Q: Compare the evolution of the training and test errors during training. What happens?

The test error is higher than the final training error, as the examples were not used for training. This is a classical sign of overfitting, although the model is linear. Regularization may help.

If you let the network learn for more epochs, the validation error may even start to go up: you need early stopping.

Q: The following cell samples 12 misclassified images from the test and shows the predicted class together with the ground truth.
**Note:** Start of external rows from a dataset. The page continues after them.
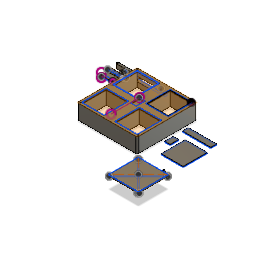
peseBebeCarreV1 v10 (Autodesk Fusion 360 design; units mm, degrees)
Autodesk Fusion 360 part; units mm, degrees
sketch "Sketch1" plane through (0, 0, 0) normal (0, 1, 0) x (1, 0, 0)
sketch "Sketch2" plane through (0, 0, 0) normal (0, 1, 0) x (1, 0, 0)
  line L0 (-100, 100) -> (100, 100)
  line L1 (100, 100) -> (100, -100)
  line L2 (100, -100) -> (-100, -100)
  line L3 (-100, -100) -> (-100, 100)
  line L4 (90, -90) -> (-90, -90)
  line L5 (-90, -90) -> (-90, 90)
  line L6 (-90, 90) -> (90, 90)
  line L7 (90, 90) -> (90, -90)
  line L8 (-20, 100) -> (20, 100)
  line L9 (20, 100) -> (20, -90)
  line L10 (20, -90) -> (-20, -90)
  line L11 (-20, -90) -> (-20, 100)
  line L12 (-90, 20) -> (-20, 20)
  line L13 (-20, 20) -> (-20, -20)
  line L14 (-20, -20) -> (-90, -20)
  line L15 (-90, -20) -> (-90, 20)
  line L16 (20, 20) -> (90, 20)
  line L17 (90, 20) -> (90, -20)
  line L18 (90, -20) -> (20, -20)
  line L19 (20, -20) -> (20, 20)
  dimension "d1" = 10
  constraint horizontal L0
  constraint vertical L1
  constraint horizontal L2
  constraint vertical L3
  constraint horizontal L8
  constraint vertical L9
  constraint horizontal L10
  constraint vertical L11
  constraint coincident L4 L9.end
  constraint coincident L0 L8.start
  constraint horizontal L12
  constraint vertical L13
  constraint horizontal L14
  constraint vertical L15
  constraint coincident L11 L13.end
  constraint coincident L5 L12.start
  constraint horizontal L16
  constraint vertical L17
  constraint horizontal L18
  constraint vertical L19
  constraint coincident L7 L17.end
  constraint coincident L9 L16.start
extrude "Extrude1" add sketch "Sketch2" along normal blind 50 contours L0 L1 L2 L3 L4 L5 L6 L7 L9 L10 L11 L15 L17 | L0 L6 L8 L9 L11 | L4 L6 L9 L10 L11 L13 L19 | L5 L11 L12 L13 L14 L15 | L7 L9 L16 L17 L18 L19 makes body 1
sketch "Sketch3" plane through (0, 0, 0) normal (0, -1, 0) x (1, 0, 0)
  line L0 (-90, -90) -> (-90, -20)
  line L1 (-90, -20) -> (-20, -20)
  line L2 (-20, -20) -> (-20, -90)
  line L3 (-20, -90) -> (-90, -90)
  line L4 (90, 90) -> (90, 20)
  line L5 (90, 20) -> (20, 20)
  line L6 (20, 20) -> (20, 90)
  line L7 (20, 90) -> (90, 90)
  line L8 (20, -90) -> (20, -20)
  line L9 (20, -20) -> (90, -20)
  line L10 (90, -20) -> (90, -90)
  line L11 (90, -90) -> (20, -90)
  line L12 (-20, 90) -> (-20, 20)
  line L13 (-20, 20) -> (-90, 20)
  line L14 (-90, 20) -> (-90, 90)
  line L15 (-90, 90) -> (-20, 90)
  line L16 (-100, -100) -> (100, -100)
  line L17 (100, -100) -> (100, 100)
  line L18 (100, 100) -> (-100, 100)
  line L19 (-100, 100) -> (-100, -100)
  line L20 (-7.7812, -15.1185) -> (7.2188, -15.1185)
  line L21 (7.2188, -15.1185) -> (7.2188, 9.8815)
  line L22 (7.2188, 9.8815) -> (-7.7812, 9.8815)
  line L23 (-7.7812, 9.8815) -> (-7.7812, -15.1185)
  dimension "d4" = 15
  dimension "d5" = 25
  constraint horizontal L20
  constraint vertical L21
  constraint horizontal L22
  constraint vertical L23
  measures "d4" distance of L20.start L20.end
  measures "d5" distance of L20.start L22.end
extrude "Extrude26" add sketch "Sketch3" against normal blind 50 contours L0 L1 L2 L3 bodies 1
extrude "Extrude2" cut sketch "Sketch3" against normal blind 50 contours L20 L21 L22 L23 bodies 1
sketch "Sketch4" plane through (0, 0, 0) normal (0, -1, 0) x (1, 0, 0)
  line L0 (7.2188, -15.1185) -> (-7.7812, -15.1185)
  line L1 (-7.7812, -15.1185) -> (-7.7812, 9.8815)
  line L2 (-7.7812, 9.8815) -> (7.2188, 9.8815)
  line L3 (7.2188, 9.8815) -> (7.2188, -15.1185)
  line L4 (90, 90) -> (90, 20)
  line L5 (90, 20) -> (20, 20)
  line L6 (20, 20) -> (20, 90)
  line L7 (20, 90) -> (90, 90)
  line L8 (20, -90) -> (20, -20)
  line L9 (20, -20) -> (90, -20)
  line L10 (90, -20) -> (90, -90)
  line L11 (90, -90) -> (20, -90)
  line L12 (-20, 90) -> (-20, 20)
  line L13 (-20, 20) -> (-90, 20)
  line L14 (-90, 20) -> (-90, 90)
  line L15 (-90, 90) -> (-20, 90)
  line L16 (-100, -100) -> (100, -100)
  line L17 (100, -100) -> (100, 100)
  line L18 (100, 100) -> (-100, 100)
  line L19 (-100, 100) -> (-100, -100)
  line L20 (-7.7812, 9.8815) -> (7.2188, 9.8815)
  line L21 (7.2188, 9.8815) -> (7.2188, 39.8815)
  line L22 (7.2188, 39.8815) -> (-7.7812, 39.8815)
  line L23 (-7.7812, 39.8815) -> (-7.7812, 9.8815)
  dimension "d8" = 30
  constraint horizontal L20
  constraint vertical L21
  constraint horizontal L22
  constraint vertical L23
  constraint coincident L1.end L2.start
  measures "d8" distance of L1.end L22.end
extrude "Extrude25" add sketch "Sketch2" along normal blind 50 contours L6 L7 L9 L16 bodies 1
extrude "Extrude3" cut sketch "Sketch4" against normal blind 30 contours L2 L20 L21 L22 L23 bodies 1
sketch "Sketch5" plane through (0, 0, 0) normal (0, -1, 0) x (1, 0, 0)
  line L0 (7.2188, 39.8815) -> (7.2188, -15.1185)
  line L1 (7.2188, -15.1185) -> (-7.7812, -15.1185)
  line L2 (-7.7812, -15.1185) -> (-7.7812, 39.8815)
  line L3 (-7.7812, 39.8815) -> (7.2188, 39.8815)
  line L4 (90, 90) -> (90, 20)
  line L5 (90, 20) -> (20, 20)
  line L6 (20, 20) -> (20, 90)
  line L7 (20, 90) -> (90, 90)
  line L8 (-20, 90) -> (-20, 20)
  line L9 (-20, 20) -> (-90, 20)
  line L10 (-90, 20) -> (-90, 90)
  line L11 (-90, 90) -> (-20, 90)
  line L12 (-100, -100) -> (100, -100)
  line L13 (100, -100) -> (100, 100)
  line L14 (100, 100) -> (-100, 100)
  line L15 (-100, 100) -> (-100, -100)
  line L16 (-7.7812, 39.8815) -> (7.2188, 39.8815)
  line L17 (7.2188, 39.8815) -> (7.2188, 74.8815)
  line L18 (7.2188, 74.8815) -> (-7.7812, 74.8815)
  line L19 (-7.7812, 74.8815) -> (-7.7812, 39.8815)
  dimension "d11" = 15
  dimension "d12" = 35
  constraint horizontal L16
  constraint vertical L17
  constraint horizontal L18
  constraint vertical L19
  constraint coincident L2.end L3.start
  measures "d11" distance of L2.end L0.start
  measures "d12" distance of L2.end L18.end
extrude "Extrude4" cut sketch "Sketch5" against normal blind 27 contours L3 L16 L17 L18 L19 bodies 1
sketch "Sketch6" plane through (0, 0, 0) normal (0, 1, 0) x (1, 0, 0)
hole "Hole1" at (-0.2562, 27, 45.6944) direction (0, 1, 0) diameter 3 depth 20 tip angle 118 bodies 1
hole "Hole2" at (-0.0373, 27, 60.7906) direction (0, 1, 0) diameter 3 depth 20 tip angle 118 bodies 1
hole "Hole3" at (-94.6677, 0, -95.0003) direction (0, 1, 0) diameter 4 depth 50 tip angle 118 counterbore diameter 6 counterbore depth 5 bodies 1
hole "Hole4" at (94.3935, 0, -94.8354) direction (0, 1, 0) diameter 4 depth 50 tip angle 118 counterbore diameter 6 counterbore depth 5 bodies 1
hole "Hole5" at (96.0133, 0, 92.8656) direction (0, 1, 0) diameter 4 depth 50 tip angle 118 counterbore diameter 6 counterbore depth 5 bodies 1
hole "Hole6" at (-94.3895, 0, 94.4601) direction (0, 1, 0) diameter 4 depth 50 tip angle 118 counterbore diameter 6 counterbore depth 5 bodies 1
extrude "Extrude30" cut 1 faces at (-43.3333, 16.6667, 20) along direction (0, 0, -1) blind 7 on bodies 1 bodies 1
extrude "Extrude31" cut 1 faces at (66.6667, 16.6667, 20) along direction (0, 0, -1) blind 7 on bodies 1 bodies 1
sketch "Sketch23" plane through (0, 50, 0) normal (0, 1, 0) x (-1, 0, 0)
  circle A0 centre (94.3895, 94.4601) radius 2
  circle A1 centre (-96.0133, 92.8656) radius 2
  circle A2 centre (-94.3935, -94.8354) radius 2
  circle A3 centre (94.6677, -95.0003) radius 2
  line L0 (7.7812, -15.1185) -> (-7.2188, -15.1185)
  line L1 (-7.2188, -15.1185) -> (-7.2188, 9.8815)
  line L2 (-7.2188, 9.8815) -> (7.7812, 9.8815)
  line L3 (7.7812, 9.8815) -> (7.7812, -15.1185)
  line L4 (-20, 90) -> (-20, 13)
  line L5 (-20, 13) -> (-90, 13)
  line L6 (-90, 13) -> (-90, 90)
  line L7 (-90, 90) -> (-20, 90)
  line L8 (90, 90) -> (90, 13)
  line L9 (90, 13) -> (20, 13)
  line L10 (20, 13) -> (20, 90)
  line L11 (20, 90) -> (90, 90)
  line L12 (-100, -100) -> (100, -100)
  line L13 (100, -100) -> (100, 100)
  line L14 (100, 100) -> (-100, 100)
  line L15 (-100, 100) -> (-100, -100)
  line L16 (90, -90) -> (20, -90)
  line L17 (20, -90) -> (20, -13)
  line L18 (20, -13) -> (90, -13)
  line L19 (90, -13) -> (90, -90)
  line L20 (-90, -90) -> (-20, -90)
  line L21 (-20, -90) -> (-20, -13)
  line L22 (-20, -13) -> (-90, -13)
  line L23 (-90, -13) -> (-90, -90)
  point P0 (-90, -90)
  dimension "d119" = 70
  dimension "d120" = 77
  dimension "d121" = 77
  dimension "d122" = 70
  constraint horizontal L16
  constraint vertical L17
  constraint horizontal L18
  constraint vertical L19
  constraint horizontal L20
  constraint vertical L21
  constraint horizontal L22
  constraint vertical L23
  constraint coincident P0 L20.start
  measures "d119" distance of L16.start L16.end
  measures "d120" distance of L16.start L18.end
  measures "d121" distance of P0 L22.end
  measures "d122" distance of P0 L20.end
extrude "Extrude32" cut sketch "Sketch23" against normal blind 50 contours L16 L17 L18 L19 | L20 L21 L22 L23 bodies 1
hole "Hole9" at (-20, 6.8183, 56.2218) direction (1, 0, 0) diameter 4 depth 15 tip angle 180 bodies 1
hole "Hole10" at (-33.1518, 27.3798, 13) direction (0, 0, -1) diameter 4 depth 26 tip angle 180 bodies 1
hole "Hole11" at (-20, 28.8969, -29.7208) direction (1, 0, 0) diameter 4 depth 40 tip angle 180 bodies 1
sketch "Sketch31" plane through (0, 50, 0) normal (0, 1, 0) x (-1, 0, 0)
  line L0 (20, -90) -> (20, -13)
  line L1 (20, -13) -> (90, -13)
  line L2 (90, -13) -> (90, -90)
  line L3 (90, -90) -> (20, -90)
  line L4 (-20, -90) -> (-90, -90)
  line L5 (-90, -90) -> (-90, -13)
  line L6 (-90, -13) -> (-20, -13)
  line L7 (-20, -13) -> (-20, -90)
  circle A0 centre (94.3895, 94.4601) radius 2
  circle A1 centre (-96.0133, 92.8656) radius 2
  circle A2 centre (-94.3935, -94.8354) radius 2
  circle A3 centre (94.6677, -95.0003) radius 2
  line L8 (7.7812, -15.1185) -> (-7.2188, -15.1185)
  line L9 (-7.2188, -15.1185) -> (-7.2188, 9.8815)
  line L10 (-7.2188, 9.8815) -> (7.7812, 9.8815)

What do you think?

misclassified = []

for i in range(N_test):
    pred = softmax(np.dot(W, X_test[i, :]) + b).argmax()
    if pred != t_test[i, :].argmax():
        misclassified.append([X_test[i, :].reshape((8, 8)), t_test[i, :].argmax(), pred])
        if len(misclassified) > 12: break
        
        
plt.figure(figsize=(16, 12))
for i in range(12):
    if i < len(misclassified):
        X, t, pred = misclassified[i]
        plt.subplot(3, 4, i+1)
        plt.imshow(X, cmap="gray")
        plt.title("Label " + str(t) + " ; Prediction " + str(pred))
    
plt.show()

A: For some misclassified images, the mistakes are quite understandable, so the classifier did a quite good job. Real-world data are never clean, there always are some bad annotations. It is therefore important to use methods that are robust to outliers, such as soft classifiers.